Leider hab ich keinen Tipp für dich wegen der Menge .... 

Aber .... Ab Beitrag #96 gehts los
vielleicht helfen Dir die Beiträge


----------



## heiti (14. Mai 2010)

*AW: Wieviel Trasszement wird benötigt?*

Hallo Helmut!

Der Fred vom Werner war ja für mich der ausschlaggende Punkt, dass ich den Teich auch so haben will. Habe ihn bestimmt schon 5 mal gelesen, aber habe nicht wirklich gefunden, wieviel Zement er benötigte.:?

Trotzdem Danke!


----------



## Digicat (14. Mai 2010)

*AW: Wieviel Trasszement wird benötigt?*

Wenn ich es richtig gelesen habe mischte er 1:5 ...

1 Teil Zement, 5 Teile Sand

Die Fläche hast ja ... x der Auftragsstärke, so aus dem Bauchraus 5mm
Jetzt hast ein Volumen ... ca. gerechnet in Kilogramm, das duch 5 ... und du hast die Menge überschlagsmäßig ....

Genau kann es Dir aber der Baustoffhändler sicher ausrechnen


----------



## heiti (14. Mai 2010)

*AW: Wieviel Trasszement wird benötigt?*

Hallo Helmut!

Also Du meinst, wenn ich die 110 qm * 5mm Auftragsdicke nehme, dann würde ich auf 110 Liter kommen. Das würde bedeuten, dass ich mit 3 Säcken a 40 Kilo auskommen würde.

Das kommt mir dann doch sehr wenig vor!

Oder habe ich mich da jetzt verrechnet???


----------



## Digicat (14. Mai 2010)

*AW: Wieviel Trasszement wird benötigt?*

Servus Olaf

Ich komme auf 550 Liter ....


----------



## heiti (14. Mai 2010)

*AW: Wieviel Trasszement wird benötigt?*

Ähm, bin ich noch nicht wach???

110 qm * 0,5 mm = 550 Liter

Bei Mischungsverhältnis 1:5 normalerweise durch 6 teilen, aber nehmen wir mal 5 (ist leichter zu rechnen )

-> 110 Liter


----------



## Digicat (14. Mai 2010)

*AW: Wieviel Trasszement wird benötigt?*

Scheint, als ob ich noch nicht wach gewesen bin 

Hmmm ... kannst ja zur Sicherheit noch einen dazunehmen


----------



## heiti (14. Mai 2010)

*AW: Wieviel Trasszement wird benötigt?*

Hallo Helmut!

Sooo, ich war gerade bei meinem Baustoff-Dealer und habe mir das von ihm noch mal berechnen lassen. Ich habe jetzt 15 Säcke bestellt. So ähnlich habe ich mir das auch vorgestellt und wenn es zuviel sein sollte, dann bekommt er den Rest halt zurück...

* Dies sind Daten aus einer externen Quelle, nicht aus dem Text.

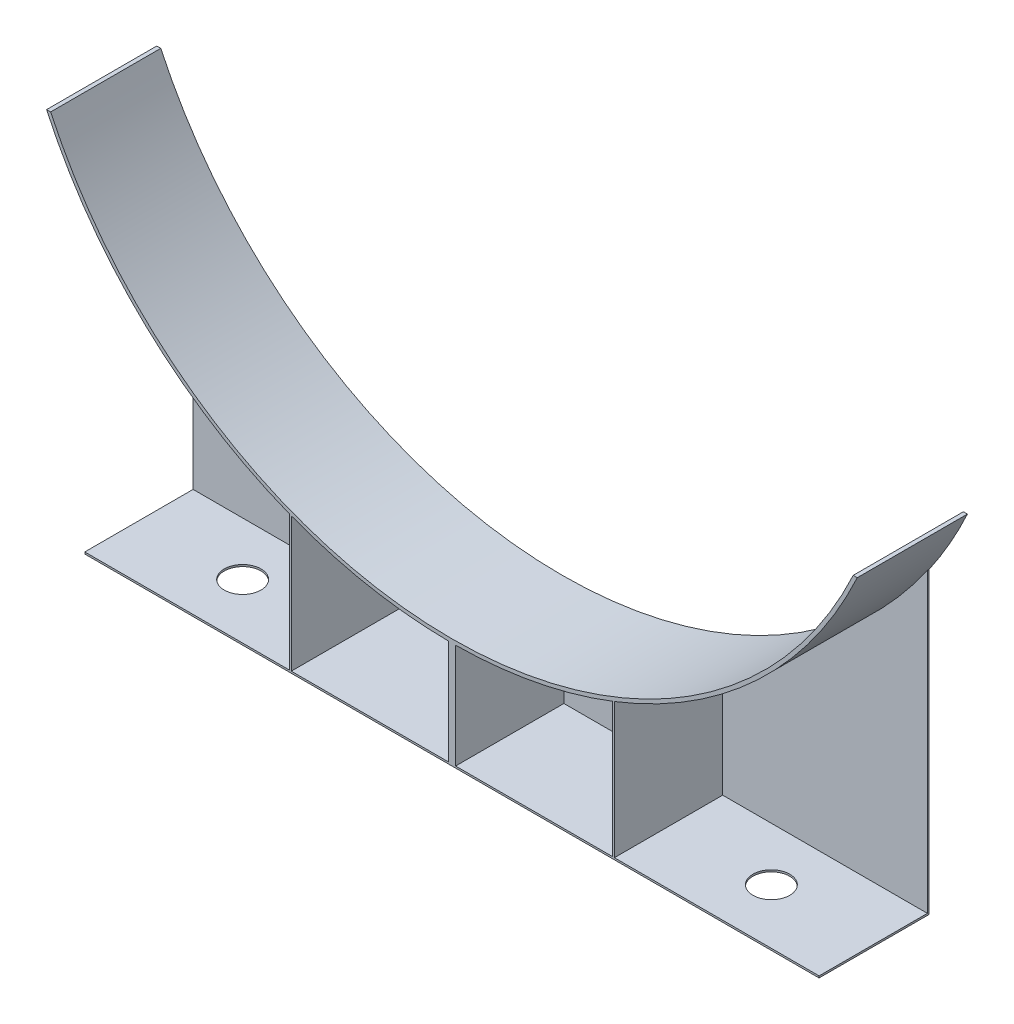
ISO-10303-21;
HEADER;
FILE_DESCRIPTION(('STEP AP214'),'2;1');
FILE_NAME('part.step','',(''),(''),'','','');
FILE_SCHEMA(('AUTOMOTIVE_DESIGN { 1 0 10303 214 1 1 1 1 }'));
ENDSEC;
DATA;
#1=APPLICATION_CONTEXT('core data for automotive mechanical design processes');
#2=APPLICATION_PROTOCOL_DEFINITION('international standard','automotive_design',2000,#1);
#3=PRODUCT_CONTEXT('',#1,'mechanical');
#4=PRODUCT('Part','Part','',(#3));
#5=PRODUCT_RELATED_PRODUCT_CATEGORY('part','',(#4));
#6=PRODUCT_DEFINITION_FORMATION('','',#4);
#7=PRODUCT_DEFINITION_CONTEXT('part definition',#1,'design');
#8=PRODUCT_DEFINITION('design','',#6,#7);
#9=PRODUCT_DEFINITION_SHAPE('','',#8);
#10=(LENGTH_UNIT() NAMED_UNIT(*) SI_UNIT(.MILLI.,.METRE.));
#11=(NAMED_UNIT(*) PLANE_ANGLE_UNIT() SI_UNIT($,.RADIAN.));
#12=(NAMED_UNIT(*) SI_UNIT($,.STERADIAN.) SOLID_ANGLE_UNIT());
#13=UNCERTAINTY_MEASURE_WITH_UNIT(LENGTH_MEASURE(1.E-05),#10,'distance_accuracy_value','');
#14=(GEOMETRIC_REPRESENTATION_CONTEXT(3) GLOBAL_UNCERTAINTY_ASSIGNED_CONTEXT((#13)) GLOBAL_UNIT_ASSIGNED_CONTEXT((#10,
#11,#12)) REPRESENTATION_CONTEXT('',''));
#15=CARTESIAN_POINT('',(0.,0.,0.));
#16=DIRECTION('',(0.,0.,1.));
#17=DIRECTION('',(1.,0.,0.));
#18=AXIS2_PLACEMENT_3D('',#15,#16,#17);
#19=CARTESIAN_POINT('',(0.,574.905099231247,96.3175129560713));
#20=DIRECTION('',(0.,0.,-1.));
#21=DIRECTION('',(-1.,0.,0.));
#22=AXIS2_PLACEMENT_3D('',#19,#20,#21);
#23=CYLINDRICAL_SURFACE('',#22,617.728);
#24=DIRECTION('',(0.,0.,-1.));
#25=VECTOR('',#24,1.);
#26=CARTESIAN_POINT('',(-508.,223.445454344384,-53.5424870439287));
#27=LINE('',#26,#25);
#28=CARTESIAN_POINT('',(-508.,223.445454344384,-53.5424870439287));
#29=VERTEX_POINT('',#28);
#30=CARTESIAN_POINT('',(-508.,223.445454344384,-56.0824870439287));
#31=VERTEX_POINT('',#30);
#32=EDGE_CURVE('E263',#29,#31,#27,.T.);
#33=ORIENTED_EDGE('',*,*,#32,.F.);
#34=CARTESIAN_POINT('',(0.,574.905099231247,-53.5424870439287));
#35=DIRECTION('',(0.,0.,-1.));
#36=DIRECTION('',(1.,0.,0.));
#37=AXIS2_PLACEMENT_3D('',#34,#35,#36);
#38=CIRCLE('',#37,617.728);
#39=CARTESIAN_POINT('',(-224.79,-0.470723934794207,-53.5424870439287));
#40=VERTEX_POINT('',#39);
#41=EDGE_CURVE('E250',#40,#29,#38,.T.);
#42=ORIENTED_EDGE('',*,*,#41,.F.);
#43=DIRECTION('',(0.,0.,-1.));
#44=VECTOR('',#43,1.);
#45=CARTESIAN_POINT('',(-224.79,-0.470723934794207,96.3175129560713));
#46=LINE('',#45,#44);
#47=CARTESIAN_POINT('',(-224.79,-0.470723934794207,96.3175129560713));
#48=VERTEX_POINT('',#47);
#49=EDGE_CURVE('E288',#48,#40,#46,.T.);
#50=ORIENTED_EDGE('',*,*,#49,.F.);
#51=CARTESIAN_POINT('',(0.,574.905099231247,96.3175129560713));
#52=DIRECTION('',(0.,0.,1.));
#53=DIRECTION('',(1.,0.,0.));
#54=AXIS2_PLACEMENT_3D('',#51,#52,#53);
#55=CIRCLE('',#54,617.728);
#56=CARTESIAN_POINT('',(-560.847810343289,315.988866412333,96.3175129560713));
#57=VERTEX_POINT('',#56);
#58=EDGE_CURVE('E322',#57,#48,#55,.T.);
#59=ORIENTED_EDGE('',*,*,#58,.F.);
#60=DIRECTION('',(0.,0.,-1.));
#61=VECTOR('',#60,1.);
#62=CARTESIAN_POINT('',(-560.847810343289,315.988866412333,96.3175129560713));
#63=LINE('',#62,#61);
#64=CARTESIAN_POINT('',(-560.847810343289,315.988866412333,-56.0824870439287));
#65=VERTEX_POINT('',#64);
#66=EDGE_CURVE('E45',#57,#65,#63,.T.);
#67=ORIENTED_EDGE('',*,*,#66,.T.);
#68=CARTESIAN_POINT('',(0.,574.905099231247,-56.0824870439287));
#69=DIRECTION('',(0.,0.,1.));
#70=DIRECTION('',(1.,0.,0.));
#71=AXIS2_PLACEMENT_3D('',#68,#69,#70);
#72=CIRCLE('',#71,617.728);
#73=EDGE_CURVE('E337',#65,#31,#72,.T.);
#74=ORIENTED_EDGE('',*,*,#73,.T.);
#75=EDGE_LOOP('',(#33,#42,#50,#59,#67,#74));
#76=FACE_BOUND('',#75,.T.);
#77=ADVANCED_FACE('F36',(#76),#23,.T.);
#78=DIRECTION('',(0.,0.,-1.));
#79=VECTOR('',#78,1.);
#80=CARTESIAN_POINT('',(508.,223.445454344384,-53.5424870439287));
#81=LINE('',#80,#79);
#82=CARTESIAN_POINT('',(508.,223.445454344384,-53.5424870439287));
#83=VERTEX_POINT('',#82);
#84=CARTESIAN_POINT('',(508.,223.445454344384,-56.0824870439287));
#85=VERTEX_POINT('',#84);
#86=EDGE_CURVE('E266',#83,#85,#81,.T.);
#87=ORIENTED_EDGE('',*,*,#86,.T.);
#88=CARTESIAN_POINT('',(560.847810343289,315.988866412333,-56.0824870439287));
#89=VERTEX_POINT('',#88);
#90=EDGE_CURVE('E336',#85,#89,#72,.T.);
#91=ORIENTED_EDGE('',*,*,#90,.T.);
#92=DIRECTION('',(0.,0.,-1.));
#93=VECTOR('',#92,1.);
#94=CARTESIAN_POINT('',(560.847810343289,315.988866412333,96.3175129560713));
#95=LINE('',#94,#93);
#96=CARTESIAN_POINT('',(560.847810343289,315.988866412333,96.3175129560713));
#97=VERTEX_POINT('',#96);
#98=EDGE_CURVE('E347',#97,#89,#95,.T.);
#99=ORIENTED_EDGE('',*,*,#98,.F.);
#100=CARTESIAN_POINT('',(224.79,-0.470723934794207,96.3175129560713));
#101=VERTEX_POINT('',#100);
#102=EDGE_CURVE('E320',#101,#97,#55,.T.);
#103=ORIENTED_EDGE('',*,*,#102,.F.);
#104=DIRECTION('',(0.,0.,-1.));
#105=VECTOR('',#104,1.);
#106=CARTESIAN_POINT('',(224.79,-0.470723934794207,96.3175129560713));
#107=LINE('',#106,#105);
#108=CARTESIAN_POINT('',(224.79,-0.470723934794207,-53.5424870439287));
#109=VERTEX_POINT('',#108);
#110=EDGE_CURVE('E299',#101,#109,#107,.T.);
#111=ORIENTED_EDGE('',*,*,#110,.T.);
#112=EDGE_CURVE('E252',#83,#109,#38,.T.);
#113=ORIENTED_EDGE('',*,*,#112,.F.);
#114=EDGE_LOOP('',(#87,#91,#99,#103,#111,#113));
#115=FACE_BOUND('',#114,.T.);
#116=ADVANCED_FACE('F396',(#115),#23,.T.);
#117=DIRECTION('',(0.,0.,-1.));
#118=VECTOR('',#117,1.);
#119=CARTESIAN_POINT('',(-222.25,-1.45660966690624,96.3175129560713));
#120=LINE('',#119,#118);
#121=CARTESIAN_POINT('',(-222.25,-1.45660966690632,96.3175129560713));
#122=VERTEX_POINT('',#121);
#123=CARTESIAN_POINT('',(-222.25,-1.45660966690624,-53.5424870439287));
#124=VERTEX_POINT('',#123);
#125=EDGE_CURVE('E291',#122,#124,#120,.T.);
#126=ORIENTED_EDGE('',*,*,#125,.T.);
#127=CARTESIAN_POINT('',(-5.08000000000016,-42.8020122576847,-53.5424870439287));
#128=VERTEX_POINT('',#127);
#129=EDGE_CURVE('E427',#128,#124,#38,.T.);
#130=ORIENTED_EDGE('',*,*,#129,.F.);
#131=DIRECTION('',(0.,0.,-1.));
#132=VECTOR('',#131,1.);
#133=CARTESIAN_POINT('',(-5.08000000000016,-42.8020122576847,96.3175129560713));
#134=LINE('',#133,#132);
#135=CARTESIAN_POINT('',(-5.08000000000016,-42.8020122576847,96.3175129560713));
#136=VERTEX_POINT('',#135);
#137=EDGE_CURVE('E313',#136,#128,#134,.T.);
#138=ORIENTED_EDGE('',*,*,#137,.F.);
#139=EDGE_CURVE('E326',#122,#136,#55,.T.);
#140=ORIENTED_EDGE('',*,*,#139,.F.);
#141=EDGE_LOOP('',(#126,#130,#138,#140));
#142=FACE_BOUND('',#141,.T.);
#143=ADVANCED_FACE('F455',(#142),#23,.T.);
#144=DIRECTION('',(0.,0.,-1.));
#145=VECTOR('',#144,1.);
#146=CARTESIAN_POINT('',(5.08000000000006,-42.8020122576846,96.3175129560713));
#147=LINE('',#146,#145);
#148=CARTESIAN_POINT('',(5.08000000000006,-42.8020122576847,96.3175129560713));
#149=VERTEX_POINT('',#148);
#150=CARTESIAN_POINT('',(5.08000000000006,-42.8020122576846,-53.5424870439287));
#151=VERTEX_POINT('',#150);
#152=EDGE_CURVE('E309',#149,#151,#147,.T.);
#153=ORIENTED_EDGE('',*,*,#152,.T.);
#154=CARTESIAN_POINT('',(222.25,-1.45660966690624,-53.5424870439287));
#155=VERTEX_POINT('',#154);
#156=EDGE_CURVE('E256',#155,#151,#38,.T.);
#157=ORIENTED_EDGE('',*,*,#156,.F.);
#158=DIRECTION('',(0.,0.,-1.));
#159=VECTOR('',#158,1.);
#160=CARTESIAN_POINT('',(222.25,-1.45660966690624,96.3175129560713));
#161=LINE('',#160,#159);
#162=CARTESIAN_POINT('',(222.25,-1.45660966690624,96.3175129560713));
#163=VERTEX_POINT('',#162);
#164=EDGE_CURVE('E302',#163,#155,#161,.T.);
#165=ORIENTED_EDGE('',*,*,#164,.F.);
#166=EDGE_CURVE('E327',#149,#163,#55,.T.);
#167=ORIENTED_EDGE('',*,*,#166,.F.);
#168=EDGE_LOOP('',(#153,#157,#165,#167));
#169=FACE_BOUND('',#168,.T.);
#170=ADVANCED_FACE('F437',(#169),#23,.T.);
#171=CARTESIAN_POINT('',(-555.24765311243,315.988866412333,96.3175129560713));
#172=DIRECTION('',(0.,-1.,0.));
#173=DIRECTION('',(0.,0.,-1.));
#174=AXIS2_PLACEMENT_3D('',#171,#172,#173);
#175=PLANE('',#174);
#176=DIRECTION('',(-1.,0.,0.));
#177=VECTOR('',#176,1.);
#178=CARTESIAN_POINT('',(-555.24765311243,315.988866412333,-56.0824870439287));
#179=LINE('',#178,#177);
#180=CARTESIAN_POINT('',(-555.24765311243,315.988866412333,-56.0824870439287));
#181=VERTEX_POINT('',#180);
#182=EDGE_CURVE('E316',#181,#65,#179,.T.);
#183=ORIENTED_EDGE('',*,*,#182,.T.);
#184=ORIENTED_EDGE('',*,*,#66,.F.);
#185=DIRECTION('',(-1.,0.,0.));
#186=VECTOR('',#185,1.);
#187=CARTESIAN_POINT('',(-555.24765311243,315.988866412333,96.3175129560713));
#188=LINE('',#187,#186);
#189=CARTESIAN_POINT('',(-555.24765311243,315.988866412333,96.3175129560713));
#190=VERTEX_POINT('',#189);
#191=EDGE_CURVE('E317',#190,#57,#188,.T.);
#192=ORIENTED_EDGE('',*,*,#191,.F.);
#193=DIRECTION('',(0.,0.,-1.));
#194=VECTOR('',#193,1.);
#195=CARTESIAN_POINT('',(-555.24765311243,315.988866412333,96.3175129560713));
#196=LINE('',#195,#194);
#197=EDGE_CURVE('E333',#190,#181,#196,.T.);
#198=ORIENTED_EDGE('',*,*,#197,.T.);
#199=EDGE_LOOP('',(#183,#184,#192,#198));
#200=FACE_BOUND('',#199,.T.);
#201=ADVANCED_FACE('F38',(#200),#175,.F.);
#202=CARTESIAN_POINT('',(555.24765311243,315.988866412333,96.3175129560713));
#203=DIRECTION('',(0.,1.,0.));
#204=DIRECTION('',(0.,0.,1.));
#205=AXIS2_PLACEMENT_3D('',#202,#203,#204);
#206=PLANE('',#205);
#207=DIRECTION('',(1.,0.,0.));
#208=VECTOR('',#207,1.);
#209=CARTESIAN_POINT('',(555.24765311243,315.988866412333,-56.0824870439287));
#210=LINE('',#209,#208);
#211=CARTESIAN_POINT('',(555.24765311243,315.988866412333,-56.0824870439287));
#212=VERTEX_POINT('',#211);
#213=EDGE_CURVE('E339',#212,#89,#210,.T.);
#214=ORIENTED_EDGE('',*,*,#213,.F.);
#215=DIRECTION('',(0.,0.,-1.));
#216=VECTOR('',#215,1.);
#217=CARTESIAN_POINT('',(555.24765311243,315.988866412333,96.3175129560713));
#218=LINE('',#217,#216);
#219=CARTESIAN_POINT('',(555.24765311243,315.988866412333,96.3175129560713));
#220=VERTEX_POINT('',#219);
#221=EDGE_CURVE('E345',#220,#212,#218,.T.);
#222=ORIENTED_EDGE('',*,*,#221,.F.);
#223=DIRECTION('',(1.,0.,0.));
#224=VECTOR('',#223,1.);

Werde auf jeden Fall berichten!


----------



## Christine (14. Mai 2010)

*AW: Wieviel Trasszement wird benötigt?*

Hi,

 lieber einen Sack zuviel als mitten in der Arbeit auf dem Schlauch zu stehen!


----------



## heiti (14. Mai 2010)

*AW: Wieviel Trasszement wird benötigt?*

Hallo Christine!

Genau so ist es mir nämlich bei fast allen Sachen bis jetzt gegangen, die ich angefangen habe.
Es ist einfach unglaublich schwer etwas einzuschätzen, wenn man nicht täglich damit zu tun hat.
Beim Pflaster legen habe ich auch mal eben schnell geschätzt, dass es ca. 10 qm sind. In Wahrheit waren es 14,5 und mir fehlten Steine. Das Gleiche mit dem Split! Naja, 2 to sollten reichen. Pustekuchen!  Jetzt benötige ich nochmal mind. einen Anhänger voll... 

So wird man halt immer ausgebremst in seinem Tatendrang.. bzw. bremst sich selber aus!


----------



## Pammler (14. Mai 2010)

*AW: Wieviel Trasszement wird benötigt?*

Nun da geht schon was rein, habe für meinen Rand schon fast 1 Sack gebraucht.


----------